Though Kim was outwardly impassive, there was sorrow mixing with disgust inside her now. The choices he'd been faced with in that moment would be enough to make anyone unravel. She set those thoughts aside. David Webb didn't need her pity, and it wasn't going to help him, either.

"Here's what I know. Any intensely stressful situation pulls you into your lower brain, where you can only act on instinct. Pile on too many of those situations, and you get trapped there, in the instinctive brain, in panic. Your natural inclinations and training helped you resist that effect for a very long time. Now that time is up. You can retrain your brain to react differently to stress, though. I only have the basics, but I can help you get started. It can only be good for you, for Drächen, to tackle this."

They agreed that she would come by once a week, specifically to work on this with him. "The rest of the time: just friends," she said. Still, she couldn't stop thinking about how she felt when he clasped her hand to him while he slept.


David was gathering his things to move back to the orphanage compound the next morning when a woman wearing an MSF badge and a white coat came into his recovery tent.

"Hi, I'm Rebecca," she said, holding out her hand. She was from the North of England, judging by her accent. "I'm the physician's assistant who helped Dr. Friemans with your surgery."

He shook, meeting her eye for just that brief moment, before turning back to his task.

"You're headed back to your regular quarters?" she asked. "I just need to do the final follow-up exam. Would you remove your shirt, please?"

In a hurry—he wanted to eat breakfast with Drächan, Indali and Kim—he acquiesced.

She fixed a blood pressure cuff to his upper arm, looking at his face as she squeezed the Velcro tight to his bicep. He could feel her breath on his skin as she pumped it up and took the reading. "I didn't need to do any of your after-care," she said, "as you've your own private nurse."

He glanced at her; her face was alert, focused on his with a hint of a smile. He looked straight ahead again. "Kim's not my nurse, or anyone's nurse, for that matter."

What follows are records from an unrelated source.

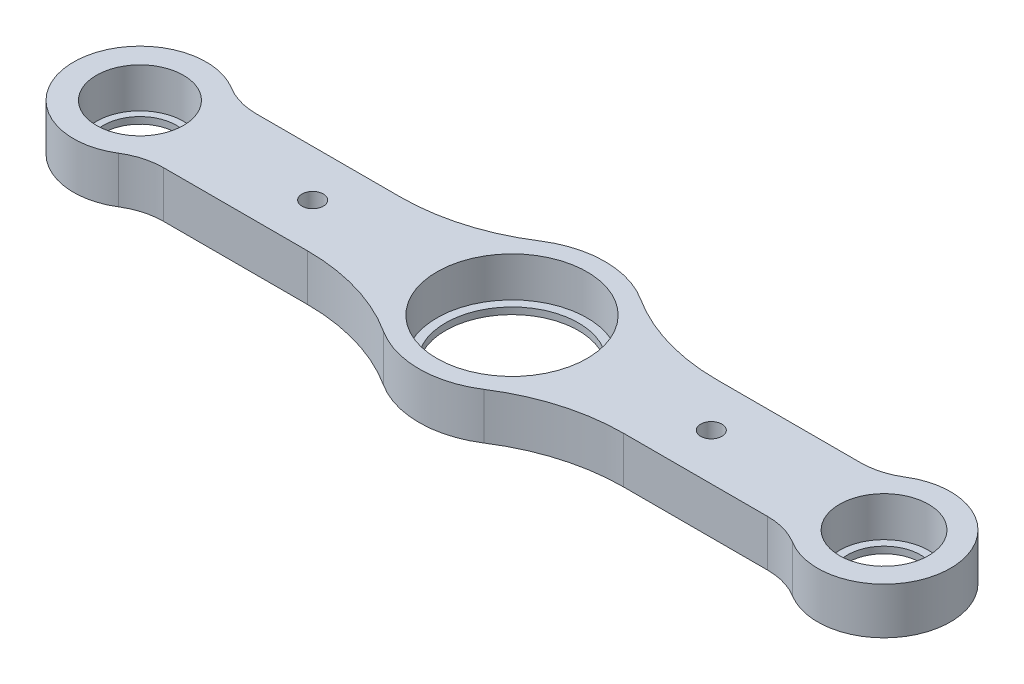
ISO-10303-21;
HEADER;
FILE_DESCRIPTION(('STEP AP214'),'2;1');
FILE_NAME('part.step','',(''),(''),'','','');
FILE_SCHEMA(('AUTOMOTIVE_DESIGN { 1 0 10303 214 1 1 1 1 }'));
ENDSEC;
DATA;
#1=APPLICATION_CONTEXT('core data for automotive mechanical design processes');
#2=APPLICATION_PROTOCOL_DEFINITION('international standard','automotive_design',2000,#1);
#3=PRODUCT_CONTEXT('',#1,'mechanical');
#4=PRODUCT('Part','Part','',(#3));
#5=PRODUCT_RELATED_PRODUCT_CATEGORY('part','',(#4));
#6=PRODUCT_DEFINITION_FORMATION('','',#4);
#7=PRODUCT_DEFINITION_CONTEXT('part definition',#1,'design');
#8=PRODUCT_DEFINITION('design','',#6,#7);
#9=PRODUCT_DEFINITION_SHAPE('','',#8);
#10=(LENGTH_UNIT() NAMED_UNIT(*) SI_UNIT(.MILLI.,.METRE.));
#11=(NAMED_UNIT(*) PLANE_ANGLE_UNIT() SI_UNIT($,.RADIAN.));
#12=(NAMED_UNIT(*) SI_UNIT($,.STERADIAN.) SOLID_ANGLE_UNIT());
#13=UNCERTAINTY_MEASURE_WITH_UNIT(LENGTH_MEASURE(1.E-05),#10,'distance_accuracy_value','');
#14=(GEOMETRIC_REPRESENTATION_CONTEXT(3) GLOBAL_UNCERTAINTY_ASSIGNED_CONTEXT((#13)) GLOBAL_UNIT_ASSIGNED_CONTEXT((#10,
#11,#12)) REPRESENTATION_CONTEXT('',''));
#15=CARTESIAN_POINT('',(0.,0.,0.));
#16=DIRECTION('',(0.,0.,1.));
#17=DIRECTION('',(1.,0.,0.));
#18=AXIS2_PLACEMENT_3D('',#15,#16,#17);
#19=CARTESIAN_POINT('',(0.,7.,0.));
#20=DIRECTION('',(0.,-1.,0.));
#21=DIRECTION('',(0.,0.,-1.));
#22=AXIS2_PLACEMENT_3D('',#19,#20,#21);
#23=CYLINDRICAL_SURFACE('',#22,10.);
#24=CARTESIAN_POINT('',(0.,0.,0.));
#25=DIRECTION('',(0.,1.,0.));
#26=DIRECTION('',(0.,0.,1.));
#27=AXIS2_PLACEMENT_3D('',#24,#25,#26);
#28=CIRCLE('',#27,10.);
#29=CARTESIAN_POINT('',(0.,0.,10.));
#30=VERTEX_POINT('',#29);
#31=EDGE_CURVE('E269',#30,#30,#28,.T.);
#32=ORIENTED_EDGE('',*,*,#31,.F.);
#33=EDGE_LOOP('',(#32));
#34=FACE_BOUND('',#33,.T.);
#35=CARTESIAN_POINT('',(0.,1.,0.));
#36=DIRECTION('',(0.,1.,0.));
#37=DIRECTION('',(0.,0.,1.));
#38=AXIS2_PLACEMENT_3D('',#35,#36,#37);
#39=CIRCLE('',#38,10.);
#40=CARTESIAN_POINT('',(0.,1.,10.));
#41=VERTEX_POINT('',#40);
#42=EDGE_CURVE('E37',#41,#41,#39,.T.);
#43=ORIENTED_EDGE('',*,*,#42,.T.);
#44=EDGE_LOOP('',(#43));
#45=FACE_BOUND('',#44,.T.);
#46=ADVANCED_FACE('F33',(#34,#45),#23,.F.);
#47=CARTESIAN_POINT('',(56.,7.,0.));
#48=DIRECTION('',(0.,-1.,0.));
#49=DIRECTION('',(0.,0.,-1.));
#50=AXIS2_PLACEMENT_3D('',#47,#48,#49);
#51=CYLINDRICAL_SURFACE('',#50,5.5);
#52=CARTESIAN_POINT('',(56.,0.,0.));
#53=DIRECTION('',(0.,1.,0.));
#54=DIRECTION('',(0.,0.,1.));
#55=AXIS2_PLACEMENT_3D('',#52,#53,#54);
#56=CIRCLE('',#55,5.5);
#57=CARTESIAN_POINT('',(56.,0.,5.5));
#58=VERTEX_POINT('',#57);
#59=EDGE_CURVE('E185',#58,#58,#56,.T.);
#60=ORIENTED_EDGE('',*,*,#59,.F.);
#61=EDGE_LOOP('',(#60));
#62=FACE_BOUND('',#61,.T.);
#63=CARTESIAN_POINT('',(56.,1.,0.));
#64=DIRECTION('',(0.,1.,0.));
#65=DIRECTION('',(0.,0.,1.));
#66=AXIS2_PLACEMENT_3D('',#63,#64,#65);
#67=CIRCLE('',#66,5.5);
#68=CARTESIAN_POINT('',(56.,1.,5.5));
#69=VERTEX_POINT('',#68);
#70=EDGE_CURVE('E250',#69,#69,#67,.T.);
#71=ORIENTED_EDGE('',*,*,#70,.T.);
#72=EDGE_LOOP('',(#71));
#73=FACE_BOUND('',#72,.T.);
#74=ADVANCED_FACE('F332',(#62,#73),#51,.F.);
#75=CARTESIAN_POINT('',(-56.,7.,0.));
#76=DIRECTION('',(0.,-1.,0.));
#77=DIRECTION('',(0.,0.,-1.));
#78=AXIS2_PLACEMENT_3D('',#75,#76,#77);
#79=CYLINDRICAL_SURFACE('',#78,5.5);
#80=CARTESIAN_POINT('',(-56.,0.,0.));
#81=DIRECTION('',(0.,1.,0.));
#82=DIRECTION('',(0.,0.,-1.));
#83=AXIS2_PLACEMENT_3D('',#80,#81,#82);
#84=CIRCLE('',#83,5.5);
#85=CARTESIAN_POINT('',(-56.,0.,-5.49999999999998));
#86=VERTEX_POINT('',#85);
#87=EDGE_CURVE('E274',#86,#86,#84,.T.);
#88=ORIENTED_EDGE('',*,*,#87,.F.);
#89=EDGE_LOOP('',(#88));
#90=FACE_BOUND('',#89,.T.);
#91=CARTESIAN_POINT('',(-56.,1.,0.));
#92=DIRECTION('',(0.,1.,0.));
#93=DIRECTION('',(0.,0.,1.));
#94=AXIS2_PLACEMENT_3D('',#91,#92,#93);
#95=CIRCLE('',#94,5.5);
#96=CARTESIAN_POINT('',(-56.,1.,5.50000000000001));
#97=VERTEX_POINT('',#96);
#98=EDGE_CURVE('E248',#97,#97,#95,.T.);
#99=ORIENTED_EDGE('',*,*,#98,.T.);
#100=EDGE_LOOP('',(#99));
#101=FACE_BOUND('',#100,.T.);
#102=ADVANCED_FACE('F338',(#90,#101),#79,.F.);
#103=CARTESIAN_POINT('',(23.8117617995813,7.,-37.));
#104=DIRECTION('',(0.,1.,0.));
#105=DIRECTION('',(0.,0.,1.));
#106=AXIS2_PLACEMENT_3D('',#103,#104,#105);
#107=PLANE('',#106);
#108=CARTESIAN_POINT('',(0.,7.,0.));
#109=DIRECTION('',(0.,1.,0.));
#110=DIRECTION('',(0.,0.,1.));
#111=AXIS2_PLACEMENT_3D('',#108,#109,#110);
#112=CIRCLE('',#111,11.3);
#113=CARTESIAN_POINT('',(0.,7.,11.3));
#114=VERTEX_POINT('',#113);
#115=EDGE_CURVE('E521',#114,#114,#112,.T.);
#116=ORIENTED_EDGE('',*,*,#115,.F.);
#117=EDGE_LOOP('',(#116));
#118=FACE_BOUND('',#117,.T.);
#119=CARTESIAN_POINT('',(-56.,7.,0.));
#120=DIRECTION('',(0.,1.,0.));
#121=DIRECTION('',(0.,0.,1.));
#122=AXIS2_PLACEMENT_3D('',#119,#120,#121);
#123=CIRCLE('',#122,6.55);
#124=CARTESIAN_POINT('',(-56.,7.,6.55000000000001));
#125=VERTEX_POINT('',#124);
#126=EDGE_CURVE('E529',#125,#125,#123,.T.);
#127=ORIENTED_EDGE('',*,*,#126,.F.);
#128=EDGE_LOOP('',(#127));
#129=FACE_BOUND('',#128,.T.);
#130=CARTESIAN_POINT('',(56.,7.,0.));
#131=DIRECTION('',(0.,1.,0.));
#132=DIRECTION('',(0.,0.,1.));
#133=AXIS2_PLACEMENT_3D('',#130,#131,#132);
#134=CIRCLE('',#133,6.7);
#135=CARTESIAN_POINT('',(56.,7.,6.7));
#136=VERTEX_POINT('',#135);
#137=EDGE_CURVE('E523',#136,#136,#134,.T.);
#138=ORIENTED_EDGE('',*,*,#137,.F.);
#139=EDGE_LOOP('',(#138));
#140=FACE_BOUND('',#139,.T.);
#141=CARTESIAN_POINT('',(-30.,7.,0.));
#142=DIRECTION('',(0.,1.,0.));
#143=DIRECTION('',(0.,0.,1.));
#144=AXIS2_PLACEMENT_3D('',#141,#142,#143);
#145=CIRCLE('',#144,1.6);
#146=CARTESIAN_POINT('',(-30.,7.,1.6));
#147=VERTEX_POINT('',#146);
#148=EDGE_CURVE('E266',#147,#147,#145,.T.);
#149=ORIENTED_EDGE('',*,*,#148,.F.);
#150=EDGE_LOOP('',(#149));
#151=FACE_BOUND('',#150,.T.);
#152=CARTESIAN_POINT('',(23.8117617995813,7.,-37.));
#153=DIRECTION('',(0.,-1.,0.));
#154=DIRECTION('',(0.,0.,1.));
#155=AXIS2_PLACEMENT_3D('',#152,#153,#154);
#156=CIRCLE('',#155,30.);
#157=CARTESIAN_POINT('',(23.8117617995813,7.,-7.));
#158=VERTEX_POINT('',#157);
#159=CARTESIAN_POINT('',(7.57646966350315,7.,-11.7727272727273));
#160=VERTEX_POINT('',#159);
#161=EDGE_CURVE('E212',#158,#160,#156,.T.);
#162=ORIENTED_EDGE('',*,*,#161,.T.);
#163=CARTESIAN_POINT('',(0.,7.,0.));
#164=DIRECTION('',(0.,1.,0.));
#165=DIRECTION('',(0.,0.,1.));
#166=AXIS2_PLACEMENT_3D('',#163,#164,#165);
#167=CIRCLE('',#166,14.);
#168=CARTESIAN_POINT('',(-7.57646966350315,7.,-11.7727272727273));
#169=VERTEX_POINT('',#168);
#170=EDGE_CURVE('E119',#160,#169,#167,.T.);
#171=ORIENTED_EDGE('',*,*,#170,.T.);
#172=CARTESIAN_POINT('',(-23.8117617995813,7.,-37.));
#173=DIRECTION('',(0.,-1.,0.));
#174=DIRECTION('',(0.,0.,1.));
#175=AXIS2_PLACEMENT_3D('',#172,#173,#174);
#176=CIRCLE('',#175,30.);
#177=CARTESIAN_POINT('',(-23.8117617995814,7.,-6.99999999999999));
#178=VERTEX_POINT('',#177);
#179=EDGE_CURVE('E281',#169,#178,#176,.T.);
#180=ORIENTED_EDGE('',*,*,#179,.T.);
#181=DIRECTION('',(-1.,0.,0.));
#182=VECTOR('',#181,1.);
#183=CARTESIAN_POINT('',(-23.8117617995814,7.,-6.99999999999998));
#184=LINE('',#183,#182);
#185=CARTESIAN_POINT('',(-45.4643462471474,7.,-7.00000000000004));
#186=VERTEX_POINT('',#185);
#187=EDGE_CURVE('E283',#178,#186,#184,.T.);
#188=ORIENTED_EDGE('',*,*,#187,.T.);
#189=CARTESIAN_POINT('',(-45.4643462471473,7.,-17.));
#190=DIRECTION('',(0.,-1.,0.));
#191=DIRECTION('',(0.,0.,-1.));
#192=AXIS2_PLACEMENT_3D('',#189,#190,#191);
#193=CIRCLE('',#192,10.);
#194=CARTESIAN_POINT('',(-50.7321731235737,7.,-8.50000000000001));
#195=VERTEX_POINT('',#194);
#196=EDGE_CURVE('E285',#186,#195,#193,.T.);
#197=ORIENTED_EDGE('',*,*,#196,.T.);
#198=CARTESIAN_POINT('',(-56.,7.,0.));
#199=DIRECTION('',(0.,1.,0.));
#200=DIRECTION('',(0.,0.,1.));
#201=AXIS2_PLACEMENT_3D('',#198,#199,#200);
#202=CIRCLE('',#201,10.);
#203=CARTESIAN_POINT('',(-50.7321731235736,7.,8.50000000000001));
#204=VERTEX_POINT('',#203);
#205=EDGE_CURVE('E287',#195,#204,#202,.T.);
#206=ORIENTED_EDGE('',*,*,#205,.T.);
#207=CARTESIAN_POINT('',(-45.4643462471473,7.,17.));
#208=DIRECTION('',(0.,-1.,0.));
#209=DIRECTION('',(0.,0.,1.));
#210=AXIS2_PLACEMENT_3D('',#207,#208,#209);
#211=CIRCLE('',#210,10.);
#212=CARTESIAN_POINT('',(-45.4643462471473,7.,7.00000000000002));
#213=VERTEX_POINT('',#212);
#214=EDGE_CURVE('E289',#204,#213,#211,.T.);
#215=ORIENTED_EDGE('',*,*,#214,.T.);
#216=DIRECTION('',(1.,0.,0.));
#217=VECTOR('',#216,1.);
#218=CARTESIAN_POINT('',(-23.8117617995812,7.,7.00000000000002));
#219=LINE('',#218,#217);
#220=CARTESIAN_POINT('',(-23.8117617995812,7.,7.00000000000002));
#221=VERTEX_POINT('',#220);
#222=EDGE_CURVE('E291',#213,#221,#219,.T.);
#223=ORIENTED_EDGE('',*,*,#222,.T.);
#224=CARTESIAN_POINT('',(-23.8117617995813,7.,37.));
#225=DIRECTION('',(0.,-1.,0.));
#226=DIRECTION('',(0.,0.,-1.));
#227=AXIS2_PLACEMENT_3D('',#224,#225,#226);
#228=CIRCLE('',#227,30.);
#229=CARTESIAN_POINT('',(-7.57646966350314,7.,11.7727272727273));
#230=VERTEX_POINT('',#229);
#231=EDGE_CURVE('E293',#221,#230,#228,.T.);
#232=ORIENTED_EDGE('',*,*,#231,.T.);
#233=CARTESIAN_POINT('',(0.,7.,0.));
#234=DIRECTION('',(0.,1.,0.));
#235=DIRECTION('',(0.,0.,1.));
#236=AXIS2_PLACEMENT_3D('',#233,#234,#235);
#237=CIRCLE('',#236,14.);
#238=CARTESIAN_POINT('',(7.57646966350315,7.,11.7727272727273));
#239=VERTEX_POINT('',#238);
#240=EDGE_CURVE('E295',#230,#239,#237,.T.);
#241=ORIENTED_EDGE('',*,*,#240,.T.);
#242=CARTESIAN_POINT('',(23.8117617995813,7.,37.));
#243=DIRECTION('',(0.,-1.,0.));
#244=DIRECTION('',(0.,0.,-1.));
#245=AXIS2_PLACEMENT_3D('',#242,#243,#244);
#246=CIRCLE('',#245,30.);
#247=CARTESIAN_POINT('',(23.8117617995813,7.,7.00000000000001));
#248=VERTEX_POINT('',#247);
#249=EDGE_CURVE('E297',#239,#248,#246,.T.);
#250=ORIENTED_EDGE('',*,*,#249,.T.);
#251=DIRECTION('',(1.,0.,0.));
#252=VECTOR('',#251,1.);
#253=CARTESIAN_POINT('',(45.4643462471473,7.,7.00000000000001));
#254=LINE('',#253,#252);
#255=CARTESIAN_POINT('',(45.4643462471473,7.,7.00000000000001));
#256=VERTEX_POINT('',#255);
#257=EDGE_CURVE('E299',#248,#256,#254,.T.);
#258=ORIENTED_EDGE('',*,*,#257,.T.);
#259=CARTESIAN_POINT('',(45.4643462471473,7.,17.));
#260=DIRECTION('',(0.,-1.,0.));
#261=DIRECTION('',(0.,0.,-1.));
#262=AXIS2_PLACEMENT_3D('',#259,#260,#261);
#263=CIRCLE('',#262,10.);
#264=CARTESIAN_POINT('',(50.7321731235736,7.,8.5));
#265=VERTEX_POINT('',#264);
#266=EDGE_CURVE('E163',#256,#265,#263,.T.);
#267=ORIENTED_EDGE('',*,*,#266,.T.);
#268=CARTESIAN_POINT('',(56.,7.,0.));
#269=DIRECTION('',(0.,1.,0.));
#270=DIRECTION('',(0.,0.,1.));
#271=AXIS2_PLACEMENT_3D('',#268,#269,#270);
#272=CIRCLE('',#271,10.);
#273=CARTESIAN_POINT('',(50.7321731235736,7.,-8.5));
#274=VERTEX_POINT('',#273);
#275=EDGE_CURVE('E156',#265,#274,#272,.T.);
#276=ORIENTED_EDGE('',*,*,#275,.T.);
#277=CARTESIAN_POINT('',(45.4643462471473,7.,-17.));
#278=DIRECTION('',(0.,-1.,0.));
#279=DIRECTION('',(0.,0.,1.));
#280=AXIS2_PLACEMENT_3D('',#277,#278,#279);
#281=CIRCLE('',#280,10.);
#282=CARTESIAN_POINT('',(45.4643462471473,7.,-7.));
#283=VERTEX_POINT('',#282);
#284=EDGE_CURVE('E161',#274,#283,#281,.T.);
#285=ORIENTED_EDGE('',*,*,#284,.T.);
#286=DIRECTION('',(-1.,0.,0.));
#287=VECTOR('',#286,1.);
#288=CARTESIAN_POINT('',(45.4643462471473,7.,-7.));
#289=LINE('',#288,#287);
#290=EDGE_CURVE('E52',#283,#158,#289,.T.);
#291=ORIENTED_EDGE('',*,*,#290,.T.);
#292=EDGE_LOOP('',(#162,#171,#180,#188,#197,#206,#215,#223,#232,#241,#250,#258,#267,#276,#285,#291));
#293=FACE_BOUND('',#292,.T.);
#294=CARTESIAN_POINT('',(30.,7.,0.));
#295=DIRECTION('',(0.,1.,0.));
#296=DIRECTION('',(0.,0.,1.));
#297=AXIS2_PLACEMENT_3D('',#294,#295,#296);
#298=CIRCLE('',#297,1.6);
#299=CARTESIAN_POINT('',(30.,7.,1.6));
#300=VERTEX_POINT('',#299);
#301=EDGE_CURVE('E257',#300,#300,#298,.T.);
#302=ORIENTED_EDGE('',*,*,#301,.F.);
#303=EDGE_LOOP('',(#302));
#304=FACE_BOUND('',#303,.T.);
#305=ADVANCED_FACE('F158',(#118,#129,#140,#151,#293,#304),#107,.T.);
#306=CARTESIAN_POINT('',(23.8117617995813,0.,-37.));
#307=DIRECTION('',(0.,1.,0.));
#308=DIRECTION('',(0.,0.,1.));
#309=AXIS2_PLACEMENT_3D('',#306,#307,#308);
#310=PLANE('',#309);
#311=CARTESIAN_POINT('',(23.8117617995813,0.,-37.));
#312=DIRECTION('',(0.,-1.,0.));
#313=DIRECTION('',(0.,0.,1.));
#314=AXIS2_PLACEMENT_3D('',#311,#312,#313);
#315=CIRCLE('',#314,30.);
#316=CARTESIAN_POINT('',(23.8117617995813,0.,-7.));
#317=VERTEX_POINT('',#316);
#318=CARTESIAN_POINT('',(7.57646966350315,0.,-11.7727272727273));
#319=VERTEX_POINT('',#318);
#320=EDGE_CURVE('E181',#317,#319,#315,.T.);
#321=ORIENTED_EDGE('',*,*,#320,.F.);
#322=DIRECTION('',(-1.,0.,0.));
#323=VECTOR('',#322,1.);
#324=CARTESIAN_POINT('',(45.4643462471473,0.,-7.));
#325=LINE('',#324,#323);
#326=CARTESIAN_POINT('',(45.4643462471473,0.,-7.));
#327=VERTEX_POINT('',#326);
#328=EDGE_CURVE('E111',#327,#317,#325,.T.);
#329=ORIENTED_EDGE('',*,*,#328,.F.);
#330=CARTESIAN_POINT('',(45.4643462471473,0.,-17.));
#331=DIRECTION('',(0.,-1.,0.));
#332=DIRECTION('',(0.,0.,1.));
#333=AXIS2_PLACEMENT_3D('',#330,#331,#332);
#334=CIRCLE('',#333,10.);
#335=CARTESIAN_POINT('',(50.7321731235736,0.,-8.5));
#336=VERTEX_POINT('',#335);
#337=EDGE_CURVE('E105',#336,#327,#334,.T.);
#338=ORIENTED_EDGE('',*,*,#337,.F.);
#339=CARTESIAN_POINT('',(56.,0.,0.));
#340=DIRECTION('',(0.,1.,0.));
#341=DIRECTION('',(0.,0.,1.));
#342=AXIS2_PLACEMENT_3D('',#339,#340,#341);
#343=CIRCLE('',#342,10.);
#344=CARTESIAN_POINT('',(50.7321731235736,0.,8.5));
#345=VERTEX_POINT('',#344);
#346=EDGE_CURVE('E171',#345,#336,#343,.T.);
#347=ORIENTED_EDGE('',*,*,#346,.F.);
#348=CARTESIAN_POINT('',(45.4643462471473,0.,17.));
#349=DIRECTION('',(0.,-1.,0.));
#350=DIRECTION('',(0.,0.,-1.));
#351=AXIS2_PLACEMENT_3D('',#348,#349,#350);
#352=CIRCLE('',#351,10.);
#353=CARTESIAN_POINT('',(45.4643462471473,0.,7.00000000000001));
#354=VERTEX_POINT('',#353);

Rebecca moved around in front of David to check the incision, touching lightly around it with her ungloved hand. As she leaned in to get a closer look, her breast brushed his arm. Twice. His body responded. Noticing this, Rebecca slid her hand from his shoulder to his belly and down the front of his pants.

His first thought was of Kim: What would she think? His distaste for being ambushed quickly eclipsed his arousal. He had her wrist in his hand and up in the air before either of them blinked.

"You don't glove up for exams?" he asked, holding her wrist, not twisting.

"Oh, I must've forgotten," she said, face coloring.

He turned her loose and picked up his shirt and his pack. He left her standing there with her clipboard, checked his watch as he pulled on his shirt. Still time to eat with Kim and the children.